Felicia Atkinson, Julien Bismuth and Yann Sérandour are the associate artists for the exhibition Alors que j’écoutais moi aussi […] / While I was also listening […], from January 2017 to February 2018. Yann’s a long-time Rennes resident, Felicia moved here a year ago, and Julien’s from New York. All three of them travel a lot. Julien and Yann were born in the 1970s and Felicia a little later. Felicia, Julien and Yann enjoy being told stories and enjoy telling them too. Felicia’s solo shows in 2016 included Sustain / Musique Possible at the Resort Gallery in Copenhagen and And A Forest (Petrifies) at 820 Plaza in Montreal. Among her concert venues were Plateau Frac île-de-France in Paris, Lisa Cooley Gallery in New York and the Maison de France in Rio de Janeiro.

Felicia, Julien and Yann are inventors, activators and remixers of stories. Julien had three solo shows in 2016: one in his Paris gallery, one at Lyra in Rome, and the third at the Guggenheim in New York. He has also contributed to group events including The Language of Things – Material Hi/Stories from the Collection at the 21er Haus in Vienna; I will go where I don’t belong on the island of Stromboli; and Impromptu, at The Box in Los Angeles. Felicia, Julien and Yann are going to set up an office at La Criée as their workshop within the exhibitions. In 2016 Yann took part in the group shows Ballads of the Beasts: Voices of the Animal World at the CNEAI in Chatou, When the Snow Melts Where Does the White Go at Palazzo Fortuny in Venice and Xerox Exhibition at Société in Brussels. In 2015 he presented the solo exhibition A Figure Four Trap at his Spanish gallery in Valencia, and another one is scheduled for next spring at his Paris gallery.
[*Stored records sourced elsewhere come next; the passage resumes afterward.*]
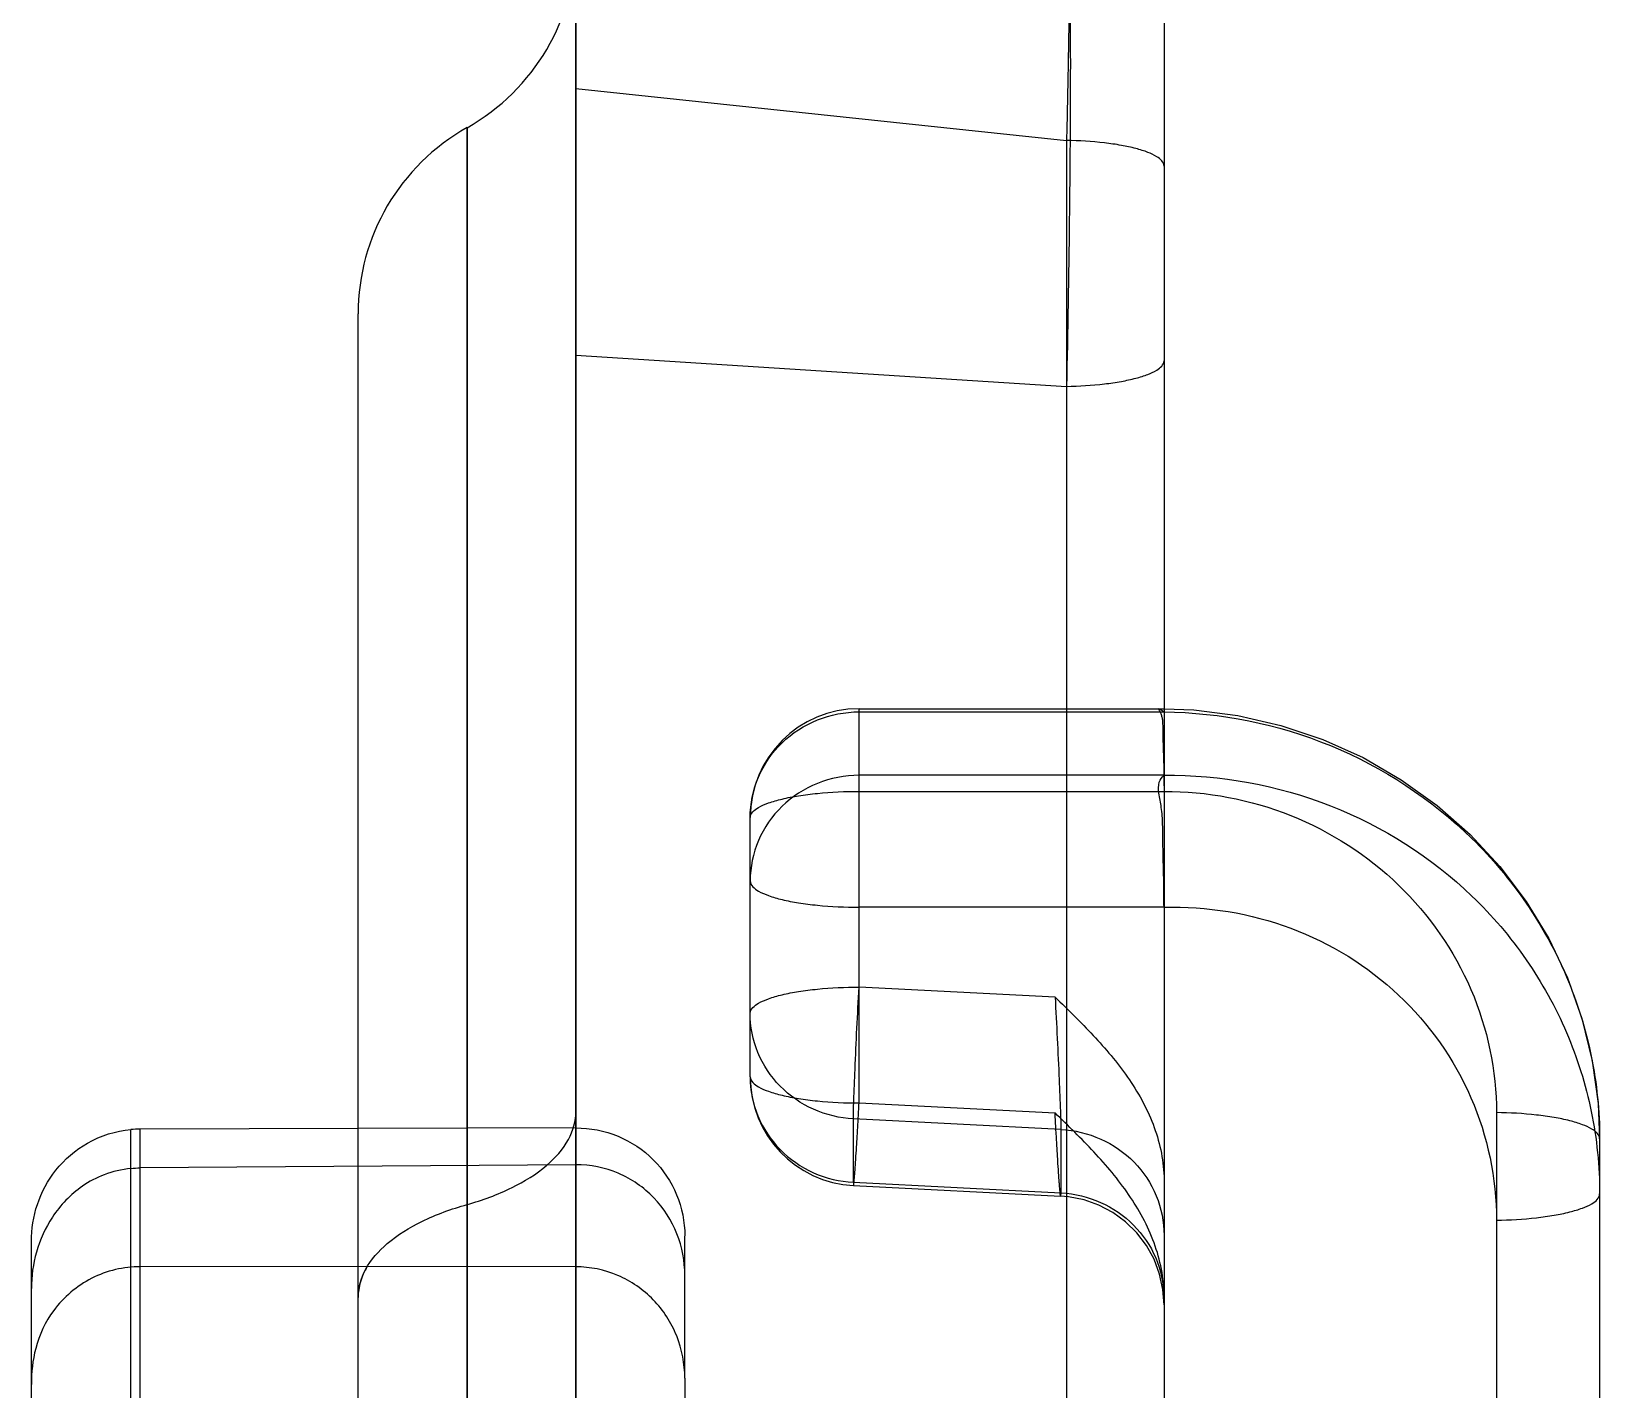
# Model space of a CAD drawing. Header units: millimetres. Extents: x 28656 to 29764, y -21384 to -20601.
# Drawn here: x 28896.14 to 28903.49, y -20844.13 to -20837.77 of the extents above; entities that cross this region are included whole.
import ezdxf

# ---------------------------------------------------------------- set-up
doc = ezdxf.new("R2010")
doc.units = ezdxf.units.MM
doc.header["$LTSCALE"] = 8
doc.layers.add('Cav-cor', color=30, linetype='Continuous')
doc.layers.add('dim', color=3, linetype='Continuous', lineweight=15)

# ---------------------------------------------------------------- blocks, each defined once
blk = doc.blocks.new('20160903.083130')
at = {"layer": 'Cav-cor', "color": 241}
for p, q in [((-0.2369, 23.4378), (-0.2369, 53.3917)), ((0.4516, 25.0103), (0.4516, 23.0597)), ((-0.2369, 24.8175), (0.3375, 24.7566)), ((-0.3644, 24.7715), (-0.3644, 22.2499)), ((-0.3644, 23.5107), (-0.3644, 24.7715)), ((-0.3644, 23.4383), (-0.3644, 24.7715)), ((0.3375, 24.7566), (0.3375, 22.9066)), ((-0.4919, 19.723), (-0.4919, 24.5536)), ((-0.2369, 24.5052), (0.3375, 24.4685)), ((0.0946, 24.0912), (0.4516, 24.0912)), ((0.0946, 23.6296), (0.0946, 24.0912)), ((0.4516, 24.0875), (0.4457, 24.0912)), ((0.0946, 24.0875), (0.4516, 24.0875)), ((0.4516, 24.0132), (0.0946, 24.0132)), ((0.0946, 23.9944), (0.4516, 23.9944)), ((-0.0329, 23.6603), (-0.0329, 23.9637)), ((0.4516, 23.8588), (0.0946, 23.8588)), ((0.3241, 23.7536), (0.0946, 23.7652)), ((0.0946, 23.6296), (0.3241, 23.6179)), ((0.3308, 23.5986), (0.0879, 23.611)), ((0.0879, 23.5367), (0.0879, 23.611)), ((0.8408, 23.6183), (0.8408, 22.9986)), ((-0.758, 23.4372), (-0.758, 23.5985)), ((-0.2369, 23.6005), (-0.7469, 23.599)), ((-0.7469, 21.9385), (-0.7469, 23.599)), ((0.3308, 23.5986), (0.3308, 23.5244)), ((0.9616, 23.5876), (0.9616, 23.0292)), ((-0.2369, 23.5571), (-0.7469, 23.5536)), ((0.0879, 23.5367), (0.3308, 23.5244)), ((0.0879, 23.5367), (0.0881, 23.533)), ((0.0881, 23.533), (0.3305, 23.5206)), ((0.3308, 23.5244), (0.3306, 23.5206)), ((-0.3644, 23.5107), (-0.3644, 22.5242)), ((-0.8744, 23.3001), (-0.8744, 23.4674)), ((-0.1094, 23.3075), (-0.1094, 23.4738)), ((-0.758, 23.1968), (-0.758, 23.4372)), ((-0.2369, 23.438), (-0.7469, 23.4379)), ((-0.3644, 22.8325), (-0.3644, 23.4383)), ((-0.2369, 20.3292), (-0.2369, 23.4378)), ((-0.8744, 22.7764), (-0.8744, 23.3001)), ((-0.1094, 23.3075), (-0.1094, 23.0304))]:
    blk.add_line(p, q, dxfattribs=at)
for points in [[(0.4516, 24.0912), (0.4864, 24.0897), (0.5379, 24.0832), (0.5884, 24.0716), (0.6375, 24.0551), (0.6846, 24.0339), (0.7294, 24.0081), (0.7713, 23.978), (0.8099, 23.944), (0.8447, 23.9064), (0.8756, 23.8656), (0.9021, 23.822), (0.9239, 23.7761), (0.9409, 23.7283), (0.9529, 23.6791), (0.9598, 23.6291), (0.9616, 23.5876)], [(0.4516, 23.3933), (0.4503, 23.4113), (0.4464, 23.4293), (0.4399, 23.4466), (0.431, 23.4628), (0.4198, 23.4775), (0.4066, 23.4905), (0.3917, 23.5014), (0.3754, 23.51), (0.358, 23.5162), (0.3399, 23.5198), (0.3306, 23.5206)]]:
    blk.add_lwpolyline(points, dxfattribs=at)
for centre, radius, start, end in [((-0.4869, 24.9894), 0.25, 299.3406, 0), ((-0.2419, 24.5536), 0.25, 119.3406, 180), ((0.0946, 23.9637), 0.1275, 90.0001, 179.9999), ((0.0946, 23.6603), 0.1275, 180.0001, 267.088), ((-0.7464, 23.4704), 0.1286, 90.2115, 95.1695), ((0.3242, 23.3961), 0.1284, 86.7894, 87.088), ((0.3339, 23.4008), 0.1177, 0.0007, 1.1901)]:
    blk.add_arc(centre, radius, start, end, dxfattribs=at)
for points, knots in [([(0.3398, 25.1347), (0.3399, 25.1346), (0.3402, 25.1339), (0.3404, 25.1327), (0.3407, 25.1304), (0.3409, 25.1274), (0.3411, 25.1236), (0.3414, 25.1168), (0.3416, 25.1062), (0.3418, 25.0912), (0.3419, 25.073), (0.3419, 25.0518), (0.3418, 25.0278), (0.3416, 25.0011), (0.3412, 24.9606), (0.3404, 24.9049), (0.3391, 24.8329), (0.3381, 24.7826), (0.3375, 24.7566)], [0, 0, 0, 0, 0.001471, 0.005021, 0.010781, 0.018768, 0.028973, 0.041379, 0.072727, 0.112631, 0.160802, 0.216924, 0.280614, 0.351419, 0.428867, 0.601447, 0.793597, 1, 1, 1, 1]), ([(0.3375, 25.0719), (0.3384, 25.061), (0.3397, 25.0334), (0.341, 24.984), (0.3418, 24.9194), (0.3421, 24.8105), (0.341, 24.6588), (0.3389, 24.5332), (0.3375, 24.4685)], [0, 0, 0, 0, 0.054401, 0.137327, 0.24572, 0.375466, 0.678437, 1, 1, 1, 1]), ([(0.4516, 24.7266), (0.4516, 24.7313), (0.4436, 24.7379), (0.432, 24.7431), (0.4178, 24.7475), (0.4009, 24.7511), (0.3738, 24.755), (0.3523, 24.7563), (0.3375, 24.7566)], [0, 0, 0, 0, 0.113373, 0.207459, 0.327754, 0.471662, 0.635649, 1, 1, 1, 1]), ([(0.3375, 24.4685), (0.3523, 24.4688), (0.3738, 24.4702), (0.4009, 24.4741), (0.4178, 24.4777), (0.432, 24.482), (0.4436, 24.4872), (0.4516, 24.4939), (0.4516, 24.4985)], [0, 0, 0, 0, 0.364351, 0.528338, 0.672246, 0.792541, 0.886627, 1, 1, 1, 1]), ([(0.4454, 24.0912), (0.4448, 24.0912), (0.4473, 24.0872), (0.4481, 24.0852), (0.4495, 24.0801), (0.4499, 24.0755), (0.4501, 24.0701), (0.4502, 24.0614), (0.4505, 24.049), (0.4511, 24.0324), (0.4515, 24.014), (0.4516, 24.0011), (0.4516, 23.9944)], [0, 0, 0, 0, 0.018294, 0.077331, 0.11819, 0.166306, 0.222016, 0.285161, 0.432268, 0.603758, 0.795016, 1, 1, 1, 1]), ([(-0.0329, 23.9637), (-0.0329, 23.9798), (-0.0262, 24.0126), (0.0023, 24.0537), (0.0447, 24.0811), (0.078, 24.0875), (0.0946, 24.0875)], [0, 0, 0, 0, 0.246543, 0.495126, 0.746563, 1, 1, 1, 1]), ([(0.4516, 24.0874), (0.5179, 24.0868), (0.6513, 24.06), (0.793, 23.9669), (0.8781, 23.8655), (0.9257, 23.7789), (0.955, 23.6851), (0.9616, 23.62), (0.9616, 23.5876)], [0, 0, 0, 0, 0.252372, 0.503509, 0.628673, 0.753082, 0.876795, 1, 1, 1, 1]), ([(0.0946, 24.0132), (0.078, 24.0132), (0.0447, 24.0068), (0.0023, 23.9794), (-0.0262, 23.9383), (-0.0329, 23.9056), (-0.0329, 23.8895)], [0, 0, 0, 0, 0.253437, 0.504874, 0.753457, 1, 1, 1, 1]), ([(0.4516, 23.8588), (0.4515, 23.867), (0.4514, 23.8837), (0.4509, 23.9084), (0.4502, 23.9324), (0.4502, 23.9547), (0.4491, 23.9747), (0.4455, 23.9908), (0.4446, 24.0043), (0.4489, 24.0113), (0.4516, 24.0132)], [0, 0, 0, 0, 0.158539, 0.318816, 0.474166, 0.618785, 0.747259, 0.855277, 0.936741, 1, 1, 1, 1]), ([(0.4516, 24.0133), (0.5177, 24.0139), (0.6509, 23.9899), (0.793, 23.8992), (0.8782, 23.7993), (0.9257, 23.7135), (0.955, 23.6203), (0.9616, 23.5554), (0.9616, 23.5231)], [0, 0, 0, 0, 0.253027, 0.50354, 0.628305, 0.752481, 0.876283, 1, 1, 1, 1]), ([(-0.0329, 23.9637), (-0.0329, 23.9688), (-0.0237, 23.976), (-0.0105, 23.9814), (0.0055, 23.986), (0.0245, 23.9896), (0.0546, 23.9934), (0.0783, 23.9944), (0.0946, 23.9944)], [0, 0, 0, 0, 0.112509, 0.207905, 0.329929, 0.475295, 0.639352, 1, 1, 1, 1]), ([(0.4516, 23.9944), (0.5019, 23.9946), (0.6035, 23.9754), (0.7327, 23.8921), (0.82, 23.767), (0.8408, 23.6673), (0.8408, 23.6183)], [0, 0, 0, 0, 0.25278, 0.504641, 0.753778, 1, 1, 1, 1]), ([(-0.0329, 23.8895), (-0.0329, 23.8844), (-0.0237, 23.8772), (-0.0105, 23.8718), (0.0055, 23.8672), (0.0245, 23.8636), (0.0546, 23.8598), (0.0783, 23.8588), (0.0946, 23.8588)], [0, 0, 0, 0, 0.112505, 0.207896, 0.329916, 0.475274, 0.639325, 1, 1, 1, 1]), ([(0.4516, 23.8587), (0.5017, 23.8602), (0.603, 23.8438), (0.7327, 23.7636), (0.8203, 23.6402), (0.8408, 23.5412), (0.8408, 23.4924)], [0, 0, 0, 0, 0.253743, 0.504793, 0.753015, 1, 1, 1, 1]), ([(-0.0329, 23.7346), (-0.0329, 23.7396), (-0.0237, 23.7468), (-0.0105, 23.7522), (0.0055, 23.7568), (0.0245, 23.7604), (0.0546, 23.7642), (0.0783, 23.7652), (0.0946, 23.7652)], [0, 0, 0, 0, 0.112505, 0.207896, 0.329916, 0.475274, 0.639325, 1, 1, 1, 1]), ([(0.0879, 23.611), (0.0879, 23.618), (0.0886, 23.6373), (0.0906, 23.6888), (0.0928, 23.7331), (0.0946, 23.7652)], [0, 0, 0, 0, 0.137042, 0.375195, 1, 1, 1, 1]), ([(0.3241, 23.7536), (0.3392, 23.7388), (0.3694, 23.7095), (0.4104, 23.6612), (0.4415, 23.6061), (0.4509, 23.5644), (0.4516, 23.5436)], [0, 0, 0, 0, 0.251586, 0.502513, 0.752006, 1, 1, 1, 1]), ([(0.3241, 23.7536), (0.3258, 23.7213), (0.3281, 23.6768), (0.3301, 23.6251), (0.3308, 23.6057), (0.3308, 23.5986)], [0, 0, 0, 0, 0.624223, 0.862747, 1, 1, 1, 1]), ([(0.0879, 23.611), (0.0719, 23.6118), (0.0401, 23.6194), (0.0001, 23.6471), (-0.0267, 23.6874), (-0.0329, 23.719), (-0.0329, 23.7346)], [0, 0, 0, 0, 0.253427, 0.504768, 0.753346, 1, 1, 1, 1]), ([(-0.0329, 23.6603), (-0.0329, 23.6552), (-0.0237, 23.648), (-0.0105, 23.6427), (0.0055, 23.6381), (0.0245, 23.6344), (0.0546, 23.6306), (0.0783, 23.6296), (0.0946, 23.6296)], [0, 0, 0, 0, 0.112509, 0.207905, 0.329928, 0.475293, 0.63935, 1, 1, 1, 1]), ([(-0.0329, 23.6603), (-0.0329, 23.6447), (-0.0267, 23.6131), (0.0001, 23.5729), (0.0401, 23.5451), (0.0719, 23.5375), (0.0879, 23.5367)], [0, 0, 0, 0, 0.246654, 0.495232, 0.746573, 1, 1, 1, 1]), ([(0.0881, 23.533), (0.0883, 23.533), (0.0882, 23.5339), (0.0886, 23.5349), (0.0887, 23.5372), (0.089, 23.5401), (0.0893, 23.544), (0.0898, 23.5507), (0.0905, 23.5609), (0.0915, 23.5751), (0.0925, 23.5916), (0.0935, 23.6101), (0.0942, 23.6229), (0.0946, 23.6296)], [0, 0, 0, 0, 0.004694, 0.018337, 0.040889, 0.072189, 0.112064, 0.160253, 0.280015, 0.428225, 0.600923, 0.793545, 1, 1, 1, 1]), ([(-0.3644, 23.5107), (-0.3463, 23.5158), (-0.3134, 23.5277), (-0.272, 23.5531), (-0.2442, 23.5837), (-0.2369, 23.6084), (-0.2369, 23.6197)], [0, 0, 0, 0, 0.316433, 0.586985, 0.80996, 1, 1, 1, 1]), ([(0.3306, 23.5206), (0.3304, 23.5206), (0.3304, 23.5215), (0.3301, 23.5226), (0.33, 23.525), (0.3296, 23.5279), (0.3293, 23.5319), (0.3288, 23.5386), (0.3281, 23.5489), (0.3272, 23.5632), (0.3262, 23.5798), (0.3251, 23.5983), (0.3244, 23.6112), (0.3241, 23.6179)], [0, 0, 0, 0, 0.004883, 0.018712, 0.041454, 0.07298, 0.113058, 0.161381, 0.281427, 0.429684, 0.602087, 0.794093, 1, 1, 1, 1]), ([(0.4516, 23.4033), (0.4516, 23.4244), (0.443, 23.4672), (0.4118, 23.5237), (0.3703, 23.573), (0.3395, 23.6029), (0.3241, 23.6179)], [0, 0, 0, 0, 0.247919, 0.497407, 0.748363, 1, 1, 1, 1]), ([(0.9616, 23.5876), (0.9616, 23.5925), (0.9531, 23.5995), (0.9406, 23.6047), (0.9256, 23.6093), (0.9076, 23.6129), (0.879, 23.6168), (0.8564, 23.6181), (0.8408, 23.6183)], [0, 0, 0, 0, 0.11296, 0.207679, 0.32859, 0.47303, 0.636807, 1, 1, 1, 1]), ([(-0.8744, 23.4674), (-0.8744, 23.482), (-0.8696, 23.5121), (-0.8472, 23.5535), (-0.8092, 23.5864), (-0.7756, 23.5969), (-0.758, 23.5985)], [0, 0, 0, 0, 0.229665, 0.467698, 0.723277, 1, 1, 1, 1]), ([(-0.2369, 23.6004), (-0.2202, 23.6005), (-0.1865, 23.5939), (-0.1441, 23.5655), (-0.116, 23.5235), (-0.1094, 23.4904), (-0.1094, 23.474)], [0, 0, 0, 0, 0.25361, 0.504062, 0.752165, 1, 1, 1, 1]), ([(0.3308, 23.5986), (0.3467, 23.5978), (0.3786, 23.5902), (0.4186, 23.5625), (0.4453, 23.5222), (0.4516, 23.4906), (0.4516, 23.475)], [0, 0, 0, 0, 0.253427, 0.504768, 0.753346, 1, 1, 1, 1]), ([(-0.1094, 23.4278), (-0.1094, 23.4443), (-0.1157, 23.4778), (-0.1433, 23.521), (-0.1859, 23.5505), (-0.22, 23.5573), (-0.2369, 23.5572)], [0, 0, 0, 0, 0.246517, 0.495951, 0.74782, 1, 1, 1, 1]), ([(-0.758, 23.553), (-0.7686, 23.5517), (-0.7887, 23.5473), (-0.8216, 23.5296), (-0.8511, 23.4989), (-0.8704, 23.4562), (-0.8744, 23.4267), (-0.8744, 23.4123)], [0, 0, 0, 0, 0.160083, 0.305268, 0.557831, 0.784042, 1, 1, 1, 1]), ([(0.3314, 23.5243), (0.3471, 23.5234), (0.3784, 23.5159), (0.4179, 23.4888), (0.4446, 23.4495), (0.4512, 23.4186), (0.4516, 23.4032)], [0, 0, 0, 0, 0.25338, 0.504696, 0.753273, 1, 1, 1, 1]), ([(0.8408, 23.4924), (0.8564, 23.4926), (0.879, 23.4939), (0.9076, 23.4978), (0.9256, 23.5014), (0.9406, 23.506), (0.9531, 23.5112), (0.9616, 23.5182), (0.9616, 23.5231)], [0, 0, 0, 0, 0.363196, 0.526974, 0.671415, 0.792325, 0.887043, 1, 1, 1, 1]), ([(-0.4919, 23.4017), (-0.4919, 23.413), (-0.4847, 23.4377), (-0.4568, 23.4684), (-0.4155, 23.4937), (-0.3825, 23.5056), (-0.3644, 23.5107)], [0, 0, 0, 0, 0.190041, 0.413015, 0.683566, 1, 1, 1, 1]), ([(-0.7469, 23.4379), (-0.7664, 23.4379), (-0.8059, 23.4285), (-0.8367, 23.4022), (-0.8483, 23.3866)], [0, 0, 0, 0, 0.499916, 1, 1, 1, 1]), ([(-0.4812, 23.438), (-0.4846, 23.4324), (-0.49, 23.4207), (-0.4919, 23.4079), (-0.4919, 23.4017)], [0, 0, 0, 0, 0.514774, 1, 1, 1, 1]), ([(-0.1094, 23.3075), (-0.1094, 23.3242), (-0.1159, 23.3581), (-0.1439, 23.4014), (-0.1863, 23.4308), (-0.2202, 23.4378), (-0.2369, 23.4378)], [0, 0, 0, 0, 0.250078, 0.500105, 0.750061, 1, 1, 1, 1]), ([(-0.8483, 23.3866), (-0.8581, 23.3735), (-0.8713, 23.3449), (-0.8744, 23.3142), (-0.8744, 23.3001)], [0, 0, 0, 0, 0.537498, 1, 1, 1, 1])]:
    blk.add_open_spline(points, degree=3, knots=knots, dxfattribs=at)
blk.add_open_spline([(-0.758, 23.553), (-0.7543, 23.5534), (-0.7506, 23.5535), (-0.7469, 23.5536)], degree=3, dxfattribs=at)

msp = doc.modelspace()

# ---------------------------------------------------------------- linework, layer by layer
at = {"layer": 'Cav-cor', "color": 241}
msp.add_line((28898.6949, -20703.2659), (28898.6949, -20943.2659), dxfattribs=at)

# ---------------------------------------------------------------- block references
at = {"layer": 'dim', "xscale": 4, "yscale": 4, "zscale": 4}
msp.add_blockref('20160903.083130', (28899.6425, -20937.3073), dxfattribs=at)

doc.saveas('drawing.dxf')

While I was also listening to Felicia Atkinson, Julien Bismuth and Yann Sérandour telling stories about artworks and exhibitions, I wanted to invite them to come and share at La Criée. We started out discussing narrative, orality, rumour, multiple points of view, exhibitions we hadn’t seen but had been told about. One of us mentioned Paul Ricoeur and his open-ended definition of narrative, which ties it not to a fixed form but to a relationship with time1. Somebody else found the title of the series. It comes from American poet and performer David Antin, from one of his talk poems and their blend of improvisation and narrative, anecdote and philosophy, poetry and action2. So we opted for constructing a subjective, polyphonic narrative, one addressing the questions of our relationship with books, statements and enunciation. We wanted to write a shared story, invented by some people then related by others, listened to by others still and then transformed by some of them. We wanted to develop narratives of real or imaginary exhibitions, using deliberately multiple, experimental temporal and spatial frameworks, ranging from publication to concert performance, from fable to essay. We decided that Felicia, Julien and Yann would each have a solo show and that there would also be two group shows to bookend the cycle. Among the artists featuring in these exhibitions are David Antin, Eleanor Antin, Mariana Castillo Deball, Delia Derbyshire, gerlach en koop, Jean Dupuy, Mark Geffriaud, Pierre Paulin, Shimabuku, Simon Starling, Zin Taylor and Virginie Yassef. In addition to the exhibitions we’ll invite other storytellers for concerts, talks, discussions and off-site projects. The list so far includes Camille Bondon, Grégory Buchert, Clémence Estève, Élise Ladoué and Hanne Lippard. And we’ll be celebrating a birthday: the Centre Pompidou is turning forty, and we’ll be running experiments in the Kandinsky Library there. Things will wind up (and continue) with a book we’ll be publishing through Shelter Press. Lastly – or rather firstly – as a way of telling the story straight off and everywhere, we’ve decided to replace the usual season programme with a futuristic short story commissioned from Célia Houdart.

— Sophie Kaplan, December 2016

1 — Paul Ricoeur, Time and Narrative, Volume 2: The Configuration of Time in Fictional Narrative (Chicago: University of Chicago Press, 1985). 2 — David Antin, «The Structuralist», what it means to be avant-garde (New York: New Directions, 1993).